Plant : Aponogeton sp., Echinodorus tenellus, Microsorum pteropus "Narrow",
Nymphaea lotus "Zenkeri", Nymphaea sp., Rotala sp. (Vietnam), Taxiphyllum sp.
Utricularia graminifolia, Vallisneria nana, Vesicularia ferrier

Fish : Puntius denisonii, Otocinclus sp.,Crossocheilus siamensis


----------



## Davidchow (Jan 11, 2005)

slickwillislim said:


> Very impressive indeed. I love the wood and rock together.
> 
> Congratulations on 1st place you definitely deserve it.


Thank you slickwillislim! 



FacePlanted said:


> I signed up to the CAU website many months ago, and I simply love all the tanks that are displayed in the picture gallery. All of you have serious talent at aquascaping and photography. Those are wonderful pictures. It does not surprise me that you took first place. Congratulations. When I first saw the pictures on the CAU website, I thought that they were some of the finest I have ever seen.
> 
> Good job!
> 
> -Mike B-


Seem that you are a big fans of CAU!
CAU's odjective is want to share with aquarium hobbist all over the world.
Thank you FacePlanted!



DurendaL said:


> What can I say
> Greate job and my congratulations!


You support is what you say, Thank you DurendaL!



zig said:


> Dave what a great achievement, you must be very proud, thanks for sharing your pictures here on APC.
> 
> Many congratulations, great job!


Thank you zig! 



Freemann said:


> What a beautiful tank indeed, congratulations for your win!!!
> Can you talk a bit to us of your technique (fertilization regime, substrate, lights CO2, initial problems if any etc). How old was this tank at the stage the photos were taken?
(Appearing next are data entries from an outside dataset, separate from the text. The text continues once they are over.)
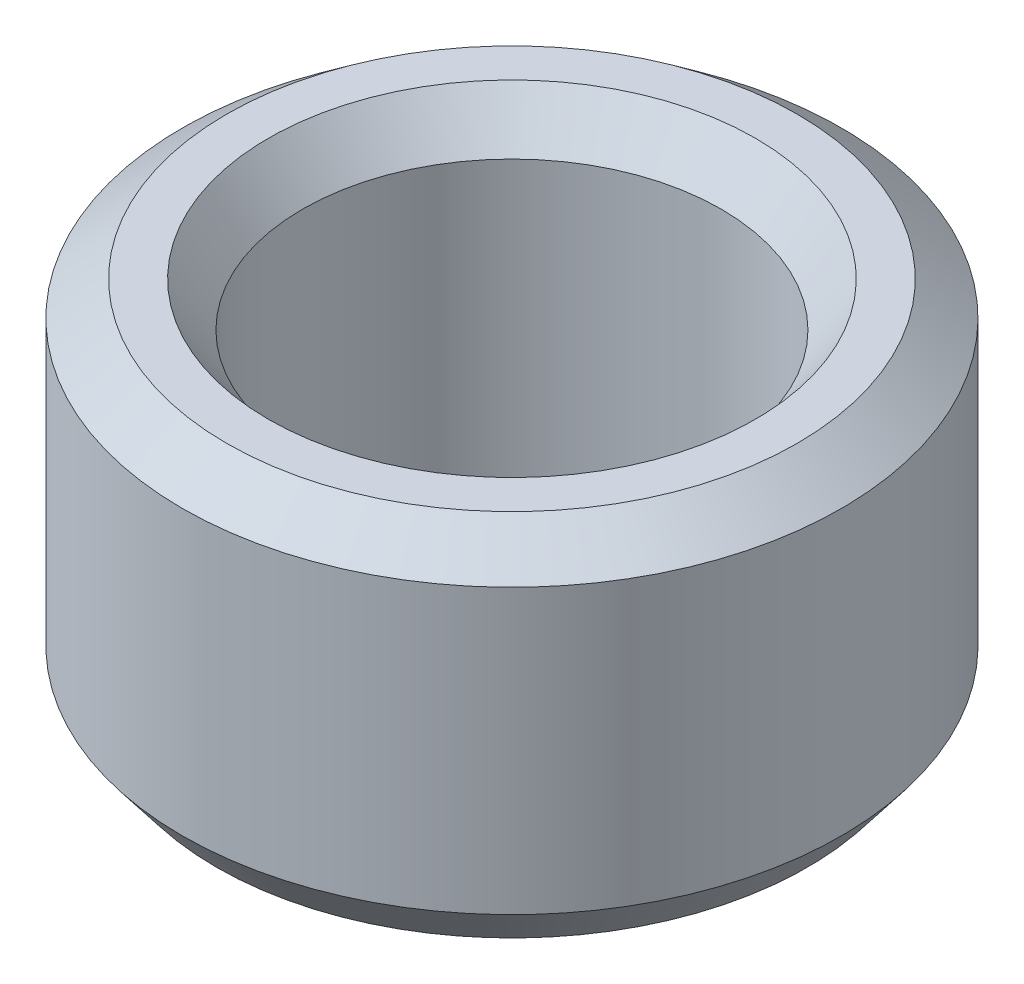
from build123d import *
from OCP.BRepFilletAPI import BRepFilletAPI_MakeChamfer

# Parameters (mm, degrees)
SKETCH1_R           = 37.5
BOSS_EXTRUDE1_DEPTH = 41.193797117
SKETCH2_R           = 23.818961457
CUT_EXTRUDE1_DEPTH  = 68.152281576
CHAMFER1_SIZE       = 3.886228809
CHAMFER1_SIZE2      = 5.0460955


with BuildPart() as part:
    # Sketch1 → Boss-Extrude1 (new body)
    with BuildSketch(Plane(origin=(0, 0, 0), x_dir=(1, 0, 0), z_dir=(0, 1, 0))):
        Circle(SKETCH1_R)
    extrude(amount=BOSS_EXTRUDE1_DEPTH)

    # Sketch2 → Cut-Extrude1 (cut, through all)
    with BuildSketch(Plane(origin=(0, 0, 0), x_dir=(1, 0, 0), z_dir=(0, 1, 0))):
        Circle(SKETCH2_R)
    extrude(amount=CUT_EXTRUDE1_DEPTH, mode=Mode.SUBTRACT)

    # Chamfer1: one chamfer whose edges measure the first distance from different faces: ONE call of the kernel's chamfer builder (chamfer() names one face for all edges)
    chamfer1_edges_1 = [part.edges().sort_by_distance(p)[0] for p in [
        (-23.818961457, 41.193797117, 0),
    ]]
    chamfer1_side_1 = [part.faces().sort_by_distance(p)[0] for p in [
        (-36.439339828, 41.193797117, 0),
    ]]
    chamfer1_edges_2 = [part.edges().sort_by_distance(p)[0] for p in [
        (-23.818961457, 0, 0),
    ]]
    chamfer1_side_2 = [part.faces().sort_by_distance(p)[0] for p in [
        (-23.818961457, 20.596898558, 0),
    ]]
    chamfer1_edges_3 = [part.edges().sort_by_distance(p)[0] for p in [
        (-37.5, 0, 0),
    ]]
    chamfer1_side_3 = [part.faces().sort_by_distance(p)[0] for p in [
        (-36.439339828, 0, 0),
    ]]
    chamfer1_edges_4 = [part.edges().sort_by_distance(p)[0] for p in [
        (-37.5, 41.193797117, 0),
    ]]
    chamfer1_side_4 = [part.faces().sort_by_distance(p)[0] for p in [
        (-37.5, 20.596898558, 0),
    ]]
    chamfer1 = BRepFilletAPI_MakeChamfer(part.part.solid().wrapped)
    for e in chamfer1_edges_1:
        chamfer1.Add(CHAMFER1_SIZE, CHAMFER1_SIZE2, e.wrapped, chamfer1_side_1[0].wrapped)  # the first distance lies on this face
    for e in chamfer1_edges_2:
        chamfer1.Add(CHAMFER1_SIZE, CHAMFER1_SIZE2, e.wrapped, chamfer1_side_2[0].wrapped)  # the first distance lies on this face
    for e in chamfer1_edges_3:
        chamfer1.Add(CHAMFER1_SIZE, CHAMFER1_SIZE2, e.wrapped, chamfer1_side_3[0].wrapped)  # the first distance lies on this face
    for e in chamfer1_edges_4:
        chamfer1.Add(CHAMFER1_SIZE, CHAMFER1_SIZE2, e.wrapped, chamfer1_side_4[0].wrapped)  # the first distance lies on this face
    add(Compound.cast(chamfer1.Shape()), mode=Mode.REPLACE)


solid = part.part
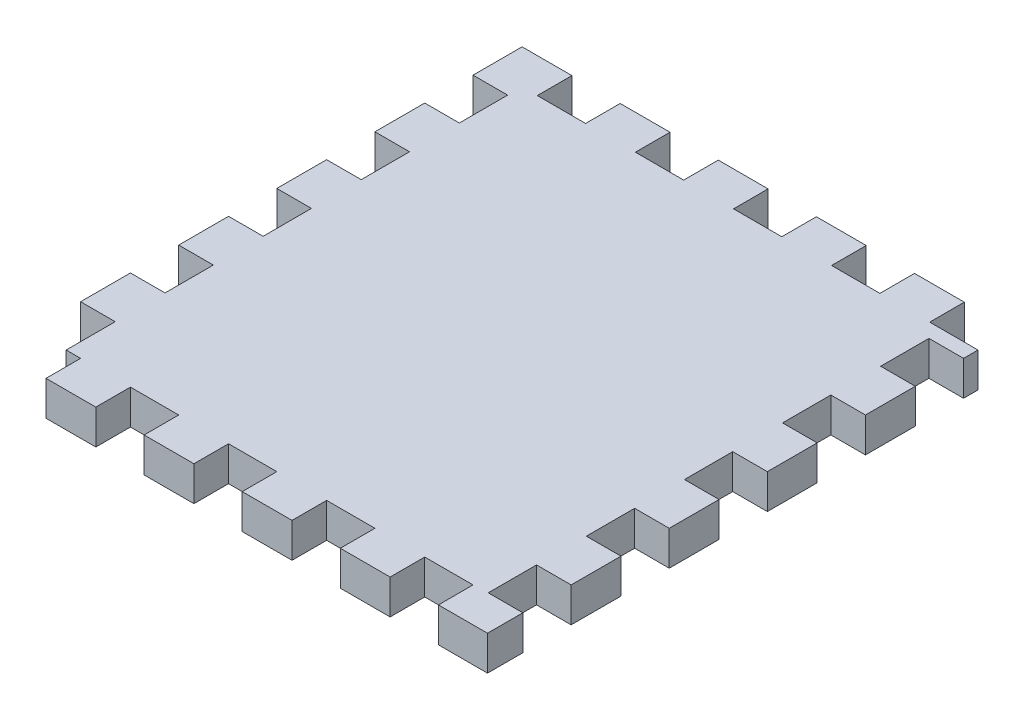
from build123d import *

# Parameters (mm, degrees)
SKETCH2_W           = 45
SKETCH2_H           = 45
BOSS_EXTRUDE1_DEPTH = 1.5875
SKETCH4_W           = 4.57
SKETCH4_H           = 3.175
BOSS_EXTRUDE2_DEPTH = 3.175
SKETCH5_W           = 4.43
SKETCH5_H           = 3.175
CUT_EXTRUDE2_DEPTH  = 3.175
LPATTERN1_COUNT     = 5
LPATTERN1_PITCH     = 9
LPATTERN2_COUNT     = 5
LPATTERN2_PITCH     = 9
SKETCH10_W          = 0.07
SKETCH10_H          = 3.175
CUT_EXTRUDE5_DEPTH  = 3.175
SKETCH9_W           = 4.43
SKETCH9_H           = 3.175
CUT_EXTRUDE4_DEPTH  = 3.175
SKETCH11_W          = 0.07
SKETCH11_H          = 3.175
CUT_EXTRUDE6_DEPTH  = 3.175
LPATTERN4_COUNT     = 5
LPATTERN4_PITCH     = 9
SKETCH14_W          = 4.43
SKETCH14_H          = 3.175
CUT_EXTRUDE7_DEPTH  = 3.175
LPATTERN5_COUNT     = 5
LPATTERN5_PITCH     = 9


with BuildPart() as part:
    # Sketch2 → Boss-Extrude1 (new, symmetric)
    with BuildSketch(Plane(origin=(0, 0, 0), x_dir=(1, 0, 0), z_dir=(0, 1, 0))):
        Rectangle(SKETCH2_W, SKETCH2_H)
    extrude(amount=BOSS_EXTRUDE1_DEPTH, both=True)

    # Sketch4 → Boss-Extrude2 (add)
    with BuildSketch(Plane(origin=(0, 0, -22.5), x_dir=(-1, 0, 0), z_dir=(0, 0, -1))):
        with Locations((20.215, 0)):
            Rectangle(SKETCH4_W, SKETCH4_H)
    boss_extrude2 = extrude(amount=BOSS_EXTRUDE2_DEPTH)

    # Sketch5 → Cut-Extrude2 (cut)
    with BuildSketch(Plane.XY.offset(22.5)):
        with Locations((-20.215, 0)):
            Rectangle(SKETCH5_W, SKETCH5_H)
    cut_extrude2 = extrude(amount=-CUT_EXTRUDE2_DEPTH, mode=Mode.SUBTRACT)

    # LPattern1: Cut-Extrude2 ×5
    with Locations(*[(i * LPATTERN1_PITCH, 0, 0) for i in range(1, LPATTERN1_COUNT)]):
        add(cut_extrude2, mode=Mode.SUBTRACT)

    # LPattern2: Boss-Extrude2 ×5
    with Locations(*[(i * LPATTERN2_PITCH, 0, 0) for i in range(1, LPATTERN2_COUNT)]):
        add(boss_extrude2)

    # Sketch10 → Cut-Extrude5 (cut)
    with BuildSketch(Plane.XY.offset(22.5)):
        with Locations((-22.465, 0)):
            Rectangle(SKETCH10_W, SKETCH10_H)
    extrude(amount=-CUT_EXTRUDE5_DEPTH, mode=Mode.SUBTRACT)

    # Sketch9 → Cut-Extrude4 (cut)
    with BuildSketch(Plane.ZY.offset(22.5)):
        with Locations((17.04, 0)):
            Rectangle(SKETCH9_W, SKETCH9_H)
    cut_extrude4 = extrude(amount=-CUT_EXTRUDE4_DEPTH, mode=Mode.SUBTRACT)

    # Sketch11 → Cut-Extrude6 (cut)
    with BuildSketch(Plane.ZY.offset(22.5)):
        with Locations((19.29, 0)):
            Rectangle(SKETCH11_W, SKETCH11_H)
    extrude(amount=-CUT_EXTRUDE6_DEPTH, mode=Mode.SUBTRACT)

    # LPattern4: Cut-Extrude4 ×5
    with Locations(*[(0, 0, -i * LPATTERN4_PITCH) for i in range(1, LPATTERN4_COUNT)]):
        add(cut_extrude4, mode=Mode.SUBTRACT)

    # Sketch14 → Cut-Extrude7 (cut)
    with BuildSketch(Plane(origin=(22.5, 0, 0), x_dir=(0, 0, -1), z_dir=(1, 0, 0))):
        with Locations((-17.04, 0)):
            Rectangle(SKETCH14_W, SKETCH14_H)
    cut_extrude7 = extrude(amount=-CUT_EXTRUDE7_DEPTH, mode=Mode.SUBTRACT)

    # LPattern5: Cut-Extrude7 ×5
    with Locations(*[(0, 0, -i * LPATTERN5_PITCH) for i in range(1, LPATTERN5_COUNT)]):
        add(cut_extrude7, mode=Mode.SUBTRACT)


solid = part.part
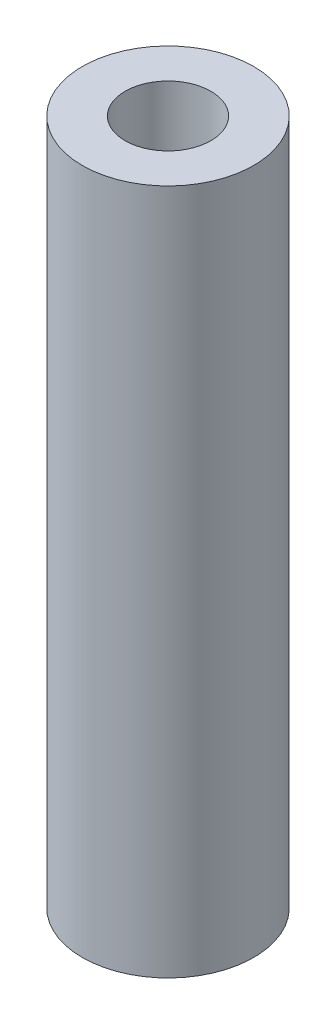
from build123d import *

# Parameters (mm, degrees)
SKETCH1_R           = 2.5
SKETCH1_R_2         = 1.25
BOSS_EXTRUDE1_DEPTH = 20


with BuildPart() as part:
    # Sketch1 → Boss-Extrude1 (new body)
    with BuildSketch(Plane(origin=(0, 0, 0), x_dir=(1, 0, 0), z_dir=(0, 1, 0))):
        Circle(SKETCH1_R)
        Circle(SKETCH1_R_2, mode=Mode.SUBTRACT)
    extrude(amount=BOSS_EXTRUDE1_DEPTH)


solid = part.part

Thank you Freeman, the problem of this tank is the control of the water hardness !
I have photos taking after set up this aquascape fifth months.

Thank You Maran & Knocks!


----------



## Davidchow (Jan 11, 2005)

hedson_25 said:


> this match the concept of NATURAL STYLE and looks not artificial as most of us.....


Thank You hedson!



Steven_Chong said:


> I love some of these photos-- I can really feel the atmosphere of the "place." :O


Thank you Steven_Chong! You seem to know where's that "place"!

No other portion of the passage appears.